Casamento inspirador

O jovem músico também ficou conhecendo a filha de Wieck, a jovem pianista Clara, fato que não agradou em absoluto ao ambicioso pai. Com todos os meios à sua disposição, ele tentou impedir essa ligação. Os dois conseguiram, porém, vencê-lo após longa batalha judicial, casando-se em 1840, quando Clara completou 21 anos de idade.

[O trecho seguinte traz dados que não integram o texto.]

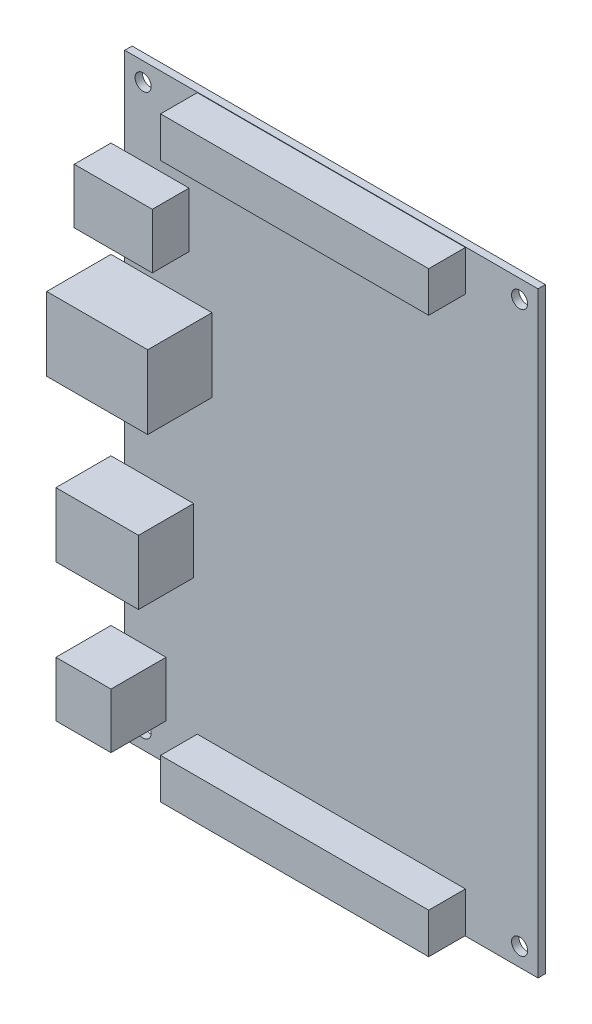
from build123d import *

# Parameters (mm, degrees)
AX_PCB_FLAT_FRONT_COMPARTMENT_START        = 25
SKETCH_1_W                                 = 90
SKETCH_1_H                                 = 130
SKETCH_1_R                                 = 1.75
AX_PCB_FLAT_FRONT_COMPARTMENT_DEPTH        = 1.6
J10_FRONT_CAMERA_HEADER_START              = 26.6
SKETCH_2_W                                 = 58.4
SKETCH_2_H                                 = 8.8
J10_FRONT_CAMERA_HEADER_DEPTH              = 8
J11_REAR_IDC40_START                       = 26.6
SKETCH_3_W                                 = 58.4
SKETCH_3_H                                 = 8.8
J11_REAR_IDC40_DEPTH                       = 8
HDMI_LEFT_START                            = 26.6
SKETCH_5_W                                 = 17
SKETCH_5_H                                 = 12
HDMI_LEFT_DEPTH                            = 8
USB_HOST_LEFT_START                        = 26.6
SKETCH_6_W                                 = 18
SKETCH_6_H                                 = 14
USB_HOST_LEFT_DEPTH                        = 12
RJ45_LEFT_START                            = 26.6
SKETCH_7_W                                 = 22
SKETCH_7_H                                 = 16
RJ45_LEFT_DEPTH                            = 14
DC5521_APPROX_BODY_CLEAR_CAMERA_EDGE_START = 26.6
SKETCH_8_W                                 = 12
SKETCH_8_H                                 = 12
DC5521_APPROX_BODY_CLEAR_CAMERA_EDGE_DEPTH = 12


with BuildPart() as part:
    # 草图1 → AX_PCB_flat_front_compartment (new body)
    with BuildSketch(Plane.XY.offset(AX_PCB_FLAT_FRONT_COMPARTMENT_START)):
        with Locations((0, -77)):
            Rectangle(SKETCH_1_W, SKETCH_1_H)
        with Locations((-41, -138)):
            Circle(SKETCH_1_R, mode=Mode.SUBTRACT)
        with Locations((41, -138)):
            Circle(SKETCH_1_R, mode=Mode.SUBTRACT)
        with Locations((41, -16)):
            Circle(SKETCH_1_R, mode=Mode.SUBTRACT)
        with Locations((-41, -16)):
            Circle(SKETCH_1_R, mode=Mode.SUBTRACT)
    extrude(amount=AX_PCB_FLAT_FRONT_COMPARTMENT_DEPTH)

    # 草图2 → J10_front_camera_header (add)
    with BuildSketch(Plane.XY.offset(J10_FRONT_CAMERA_HEADER_START)):
        with Locations((0, -137.5)):
            Rectangle(SKETCH_2_W, SKETCH_2_H)
    extrude(amount=J10_FRONT_CAMERA_HEADER_DEPTH)

    # 草图3 → J11_rear_IDC40 (add)
    with BuildSketch(Plane.XY.offset(J11_REAR_IDC40_START)):
        with Locations((0, -16.5)):
            Rectangle(SKETCH_3_W, SKETCH_3_H)
    extrude(amount=J11_REAR_IDC40_DEPTH)

    # 草图5 → HDMI_left (add)
    with BuildSketch(Plane.XY.offset(HDMI_LEFT_START)):
        with Locations((-39.5, -37)):
            Rectangle(SKETCH_5_W, SKETCH_5_H)
    extrude(amount=HDMI_LEFT_DEPTH)

    # 草图6 → USB_HOST_left (add)
    with BuildSketch(Plane.XY.offset(USB_HOST_LEFT_START)):
        with Locations((-39, -97)):
            Rectangle(SKETCH_6_W, SKETCH_6_H)
    extrude(amount=USB_HOST_LEFT_DEPTH)

    # 草图7 → RJ45_left (add)
    with BuildSketch(Plane.XY.offset(RJ45_LEFT_START)):
        with Locations((-37, -60)):
            Rectangle(SKETCH_7_W, SKETCH_7_H)
    extrude(amount=RJ45_LEFT_DEPTH)

    # 草图8 → DC5521_approx_body_clear_camera_edge (add)
    with BuildSketch(Plane.XY.offset(DC5521_APPROX_BODY_CLEAR_CAMERA_EDGE_START)):
        with Locations((-42, -128)):
            Rectangle(SKETCH_8_W, SKETCH_8_H)
    extrude(amount=DC5521_APPROX_BODY_CLEAR_CAMERA_EDGE_DEPTH)


solid = part.part
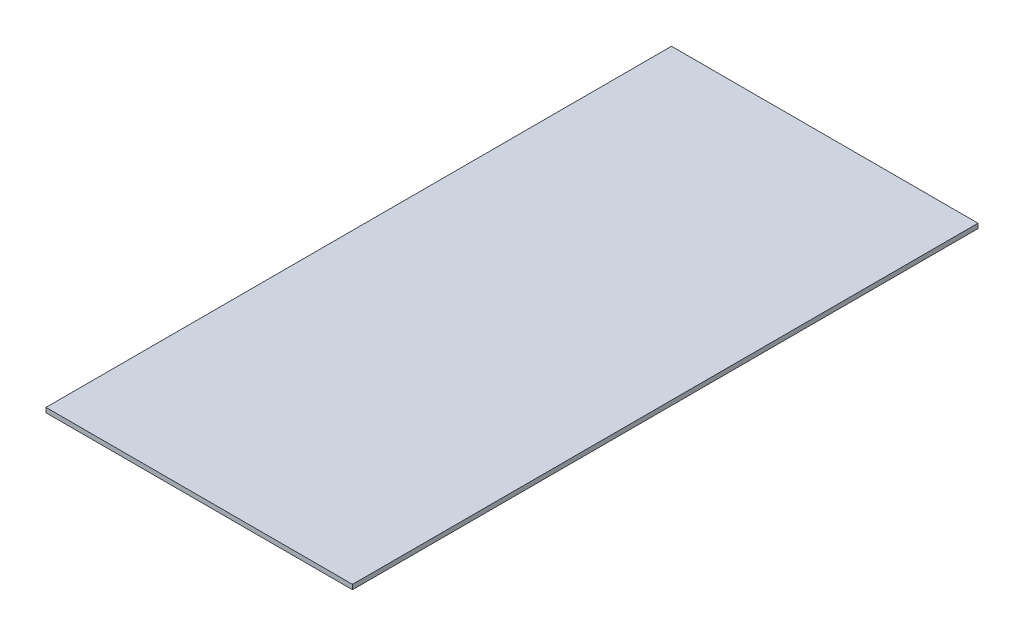
from build123d import *

# Parameters (mm, degrees)
SKETCH1_W           = 196
SKETCH1_H           = 400
BOSS_EXTRUDE1_DEPTH = 3


with BuildPart() as part:
    # Sketch1 → Boss-Extrude1 (new body)
    with BuildSketch(Plane(origin=(0, 0, 0), x_dir=(1, 0, 0), z_dir=(0, 1, 0))):
        with Locations((98, 200)):
            Rectangle(SKETCH1_W, SKETCH1_H)
    extrude(amount=BOSS_EXTRUDE1_DEPTH)


solid = part.part
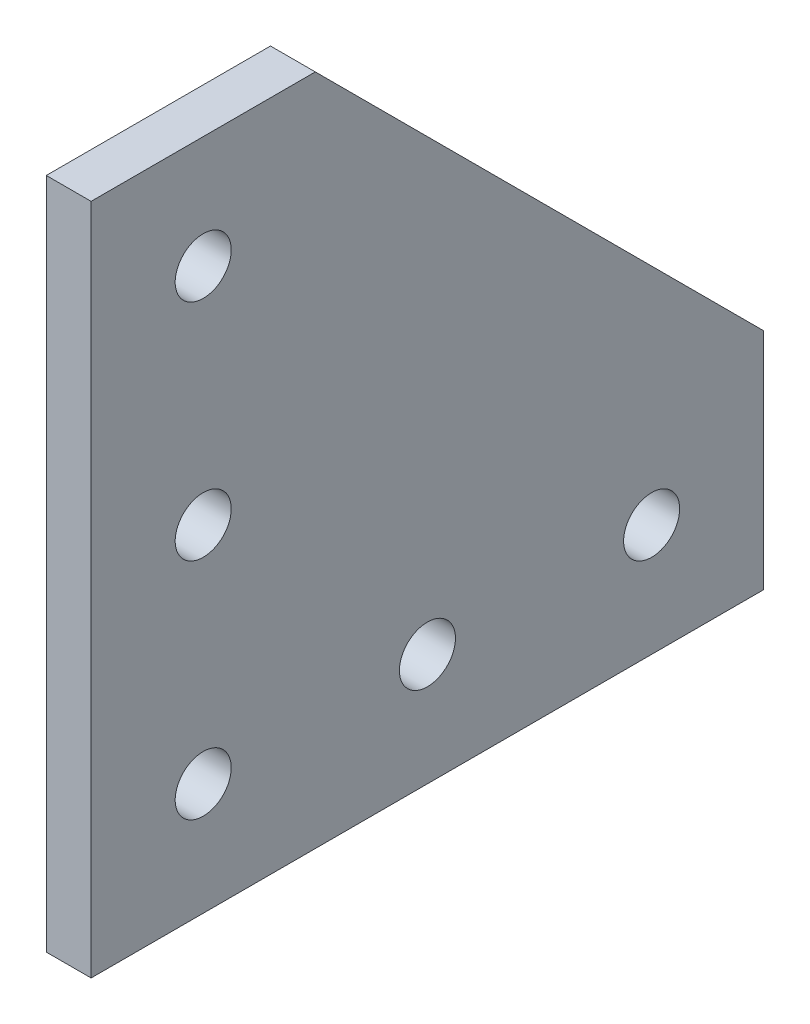
from build123d import *

# Parameters (mm, degrees)
SKETCH1_R           = 2.5
BOSS_EXTRUDE1_DEPTH = 4


with BuildPart() as part:
    # Sketch1 → Boss-Extrude1 (new body)
    with BuildSketch(Plane(origin=(0, 0, 0), x_dir=(0, 0, -1), z_dir=(1, 0, 0))):
        Polygon((0, 0), (0, 60), (20, 60), (60, 20), (60, 0), align=None)
        with Locations((10, 10)):
            Circle(SKETCH1_R, mode=Mode.SUBTRACT)
        with Locations((10, 30)):
            Circle(SKETCH1_R, mode=Mode.SUBTRACT)
        with Locations((10, 50)):
            Circle(SKETCH1_R, mode=Mode.SUBTRACT)
        with Locations((29.999999878, 10)):
            Circle(SKETCH1_R, mode=Mode.SUBTRACT)
        with Locations((49.999999756, 10)):
            Circle(SKETCH1_R, mode=Mode.SUBTRACT)
    extrude(amount=BOSS_EXTRUDE1_DEPTH)


solid = part.part
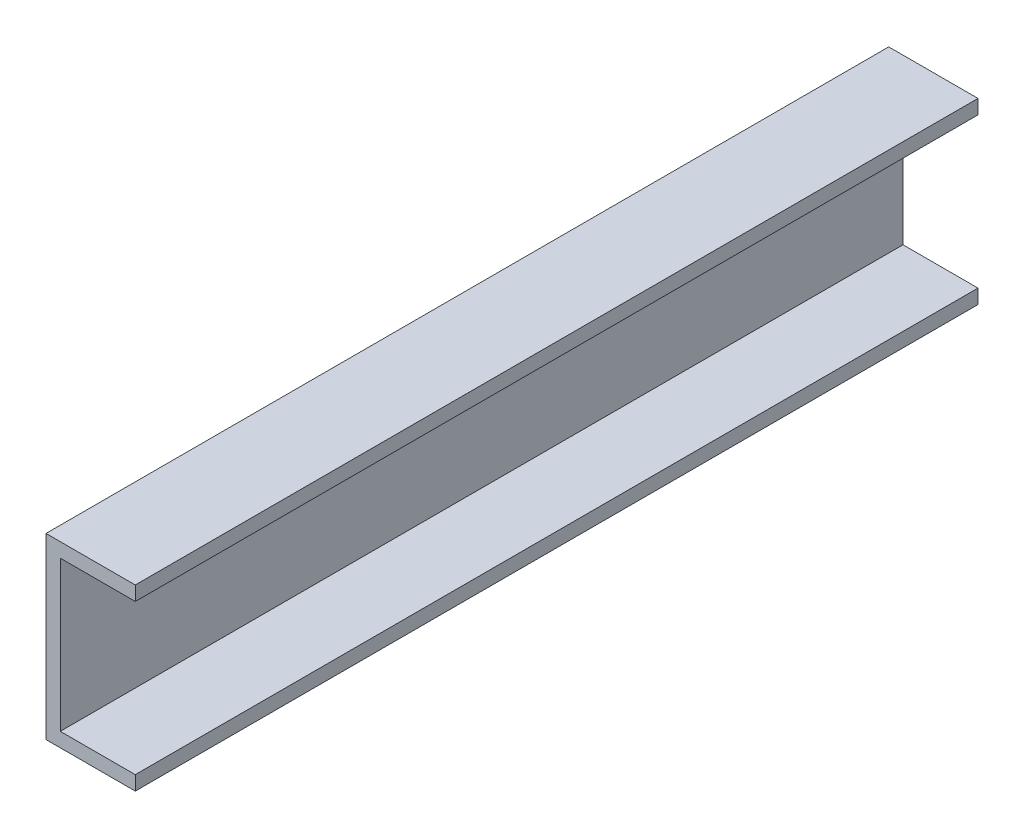
from build123d import *

# Parameters (mm, degrees)
BOSS_EXTRUDE1_DEPTH = 472


with BuildPart() as part:
    # Sketch1 → Boss-Extrude1 (new body)
    with BuildSketch(Plane.XY):
        Polygon((0, 0), (0, -100), (50, -100), (50, -92), (8, -92), (8, -8), (50, -8), (50, 0), align=None)
    extrude(amount=BOSS_EXTRUDE1_DEPTH)


solid = part.part
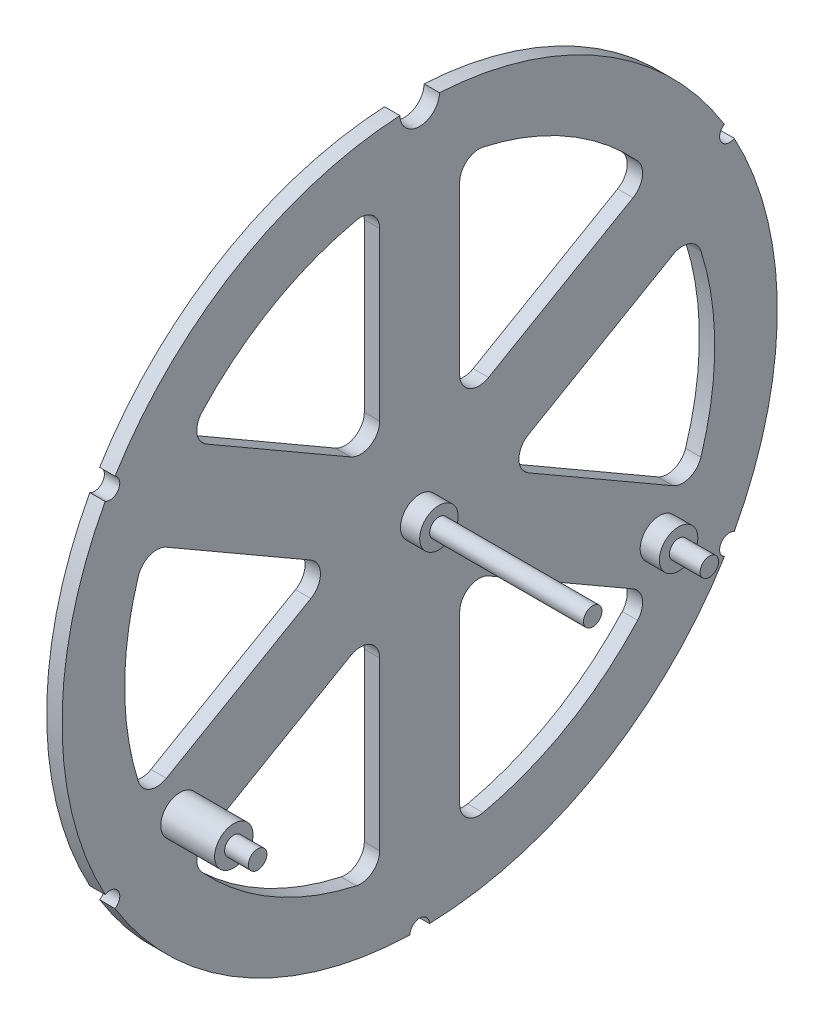
from build123d import *

# Parameters (mm, degrees)
SKETCH_1_R               = 93.03002178900209
EXTRUDE_1_DEPTH          = 4
SKETCH_2_R               = 2.4
EXTRUDE_2_DEPTH          = 45
SKETCH_3_R               = 5
EXTRUDE_3_DEPTH          = 5
SKETCH_4_R               = 2.3999999999999937
EXTRUDE_4_DEPTH          = 12.999999999999998
SKETCH_5_R               = 4.9999999999999964
EXTRUDE_5_DEPTH          = 4.999999999999997
SKETCH_6_R               = 2.3999999999999932
EXTRUDE_6_DEPTH          = 20.200000000000017
SKETCH_7_R               = 4.9999999999999964
EXTRUDE_7_DEPTH          = 14
CUT_EXTRUDE_1_REACH      = 141.047
SKETCH_8_R               = 5.153202095824808
SKETCH_9_R               = 2.5515156643505628
SKETCH_9_R_2             = 2.551515664350585
SKETCH_9_R_3             = 2.551515664350554
SKETCH_9_R_4             = 2.5515156643508896
CUT_EXTRUDE_3_DEPTH      = 5.9999999999999964
CUT_EXTRUDE_4_REACH      = 141.024
PATTERN_CIRCULAR_1_COUNT = 6
FILLET_1_R               = 5


with BuildPart() as part:
    # 草图1 → 凸台-拉伸1 (new body)
    with BuildSketch(Plane(origin=(0, 0, 0), x_dir=(0, 0, -1), z_dir=(1, 0, 0))):
        Circle(SKETCH_1_R)
    extrude(amount=EXTRUDE_1_DEPTH)

    # 草图2 → 凸台-拉伸2 (add)
    with BuildSketch(Plane(origin=(4, 0, 0), x_dir=(0, 0, -1), z_dir=(1, 0, 0))):
        with Locations(Location((0, 0, 0), (0, 0, 180))):
            Circle(SKETCH_2_R)
    extrude(amount=EXTRUDE_2_DEPTH)

    # 草图3 → 凸台-拉伸3 (add)
    with BuildSketch(Plane(origin=(4, 0, 0), x_dir=(0, 0, -1), z_dir=(1, 0, 0))):
        Circle(SKETCH_3_R)
    extrude(amount=EXTRUDE_3_DEPTH)

    # 草图4 → 凸台-拉伸4 (add)
    with BuildSketch(Plane(origin=(4, 0, 0), x_dir=(0, 0, -1), z_dir=(1, 0, 0))):
        with Locations((62.35382907247964, -35.9999999999998)):
            Circle(SKETCH_4_R)
    extrude(amount=EXTRUDE_4_DEPTH)

    # 草图5 → 凸台-拉伸5 (add)
    with BuildSketch(Plane(origin=(4, 0, 0), x_dir=(0, 0, -1), z_dir=(1, 0, 0))):
        with Locations((62.35382907247964, -35.9999999999998)):
            Circle(SKETCH_5_R)
    extrude(amount=EXTRUDE_5_DEPTH)

    # 草图6 → 凸台-拉伸6 (add)
    with BuildSketch(Plane(origin=(4, 0, 0), x_dir=(0, 0, -1), z_dir=(1, 0, 0))):
        with Locations((-62.35382907247939, -36.00000000000031)):
            Circle(SKETCH_6_R)
    extrude(amount=EXTRUDE_6_DEPTH)

    # 草图7 → 凸台-拉伸7 (add)
    with BuildSketch(Plane(origin=(4, 0, 0), x_dir=(0, 0, -1), z_dir=(1, 0, 0))):
        with Locations((-62.35382907247939, -36.00000000000031)):
            Circle(SKETCH_7_R)
    extrude(amount=EXTRUDE_7_DEPTH)

    # 草图8 → 切除-拉伸1 (cut, up to next)
    with BuildSketch(Plane(origin=(4, 0, 0), x_dir=(0, 0, -1), z_dir=(1, 0, 0)), mode=Mode.PRIVATE) as cut_extrude_1_sk1:
        with Locations((0, 93.03002178900209)):
            Circle(SKETCH_8_R)
    cut_extrude_1_tool1 = extrude(cut_extrude_1_sk1.sketch, amount=-CUT_EXTRUDE_1_REACH, mode=Mode.PRIVATE) & part.part
    add(cut_extrude_1_tool1.solids().sort_by_distance((4, 93.030022, 0))[0], mode=Mode.SUBTRACT)

    # 草图9 → 切除-拉伸3 (cut)
    with BuildSketch(Plane(origin=(4, 0, 0), x_dir=(0, 0, -1), z_dir=(1, 0, 0))):
        with Locations((3.47e-15, 93.03002178900209)):
            Circle(SKETCH_9_R)
        with Locations((80.56636218389566, 46.515010894501074)):
            Circle(SKETCH_9_R_2)
        with Locations((80.56636218389568, -46.51501089450103)):
            Circle(SKETCH_9_R_3)
        with Locations((8.67e-15, -93.03002178900209)):
            Circle(SKETCH_9_R)
        with Locations((-80.56636218389565, -46.51501089450109)):
            Circle(SKETCH_9_R_3)
        with Locations((-80.56636218389569, 46.51501089450098)):
            Circle(SKETCH_9_R_4)
    extrude(amount=-CUT_EXTRUDE_3_DEPTH, mode=Mode.SUBTRACT)

    # 草图10 → 切除-拉伸4 (cut, up to next)
    with BuildSketch(Plane(origin=(4, 0, 0), x_dir=(0, 0, -1), z_dir=(1, 0, 0)), mode=Mode.PRIVATE) as cut_extrude_4_sk1:
        with BuildLine():
            Line((-10.407514658464736, 18.02634416897966), (-10.407514658464395, 76.04625246317465))
            ThreePointArc((-10.407514658464395, 76.04625246317465), (-38.37756139679427, 66.47188620984315), (-60.65422916648111, 47.03629831607756))
            Line((-60.65422916648111, 47.03629831607756), (-10.407514658464736, 18.02634416897966))
        make_face()
    cut_extrude_4_tool1 = extrude(cut_extrude_4_sk1.sketch, amount=-CUT_EXTRUDE_4_REACH, mode=Mode.PRIVATE) & part.part
    cut_extrude_4 = cut_extrude_4_tool1.solids().sort_by_distance((4, 49.214145, 28.4138))[0]
    add(cut_extrude_4, mode=Mode.SUBTRACT)

    # 阵列(圆周)1: 切除-拉伸4 ×6 about axis
    pattern_circular_1_axis = Axis((0, -1e-16, -8.9e-16), (1, 0, 0))
    for i in range(1, PATTERN_CIRCULAR_1_COUNT):
        add(cut_extrude_4.rotate(pattern_circular_1_axis, i * 360 / PATTERN_CIRCULAR_1_COUNT), mode=Mode.SUBTRACT)

    # 圆角1
    fillet_1_edges = [part.edges().sort_by_distance(p)[0] for p in [
        (2, 18.02634416897966, 10.407514658464736),
        (2, 47.03629831607757, 60.65422916648111),
        (2, 76.04625246317465, 10.407514658464397),
        (2, -18.026344168979215, 10.407514658465503),
        (2, -76.04625246317445, 10.407514658465852),
        (2, -47.036298316076405, 60.654229166482004),
        (2, 4.4326e-13, 20.815029316930236),
        (2, -29.009954147096884, 71.06174382494694),
        (2, 29.00995414709824, 71.06174382494639),
        (2, -4.5413e-13, -20.815029316930236),
        (2, 29.009954147096852, -71.06174382494696),
        (2, -29.00995414709827, -71.06174382494638),
        (2, -18.02634416897966, -10.407514658464736),
        (2, -47.03629831607758, -60.6542291664811),
        (2, -76.04625246317465, -10.40751465846439),
        (2, 18.026344168979218, -10.4075146584655),
        (2, 76.04625246317445, -10.407514658465825),
        (2, 47.036298316076426, -60.65422916648199),
    ]]
    fillet(fillet_1_edges, radius=FILLET_1_R)


solid = part.part

O casal viveu quatro anos em Leipzig e os primeiros tempos de matrimônio foram inspiradores para Schumann: logo brotaram de sua pena diversos ciclos de canções, quartetos de cordas, peças pianísticas, as primeiras sinfonias, o Concerto para piano em lá menor, o oratório Das Paradies und die Peri. Ele foi nomeado doutor honoris causa da Universidade de Jena e conseguiu se lançar como compositor. A popularidade de sua música era, todavia, restrita: Ludwig van Beethoven, Felix Mendelssohn e Frédéric Chopin correspondiam bem mais ao gosto de sua época. Mesmo a esposa Clara executava suas obras, no máximo, como “bis” em seus concertos. Uma humilhação agravada pelo fato de que, mesmo durante suas turnês, ele era frequentemente reconhecido apenas como o marido da afamada virtuose. Assim, a convocação como diretor musical da cidade de Düsseldorf chegou como um fio de esperança para o compositor.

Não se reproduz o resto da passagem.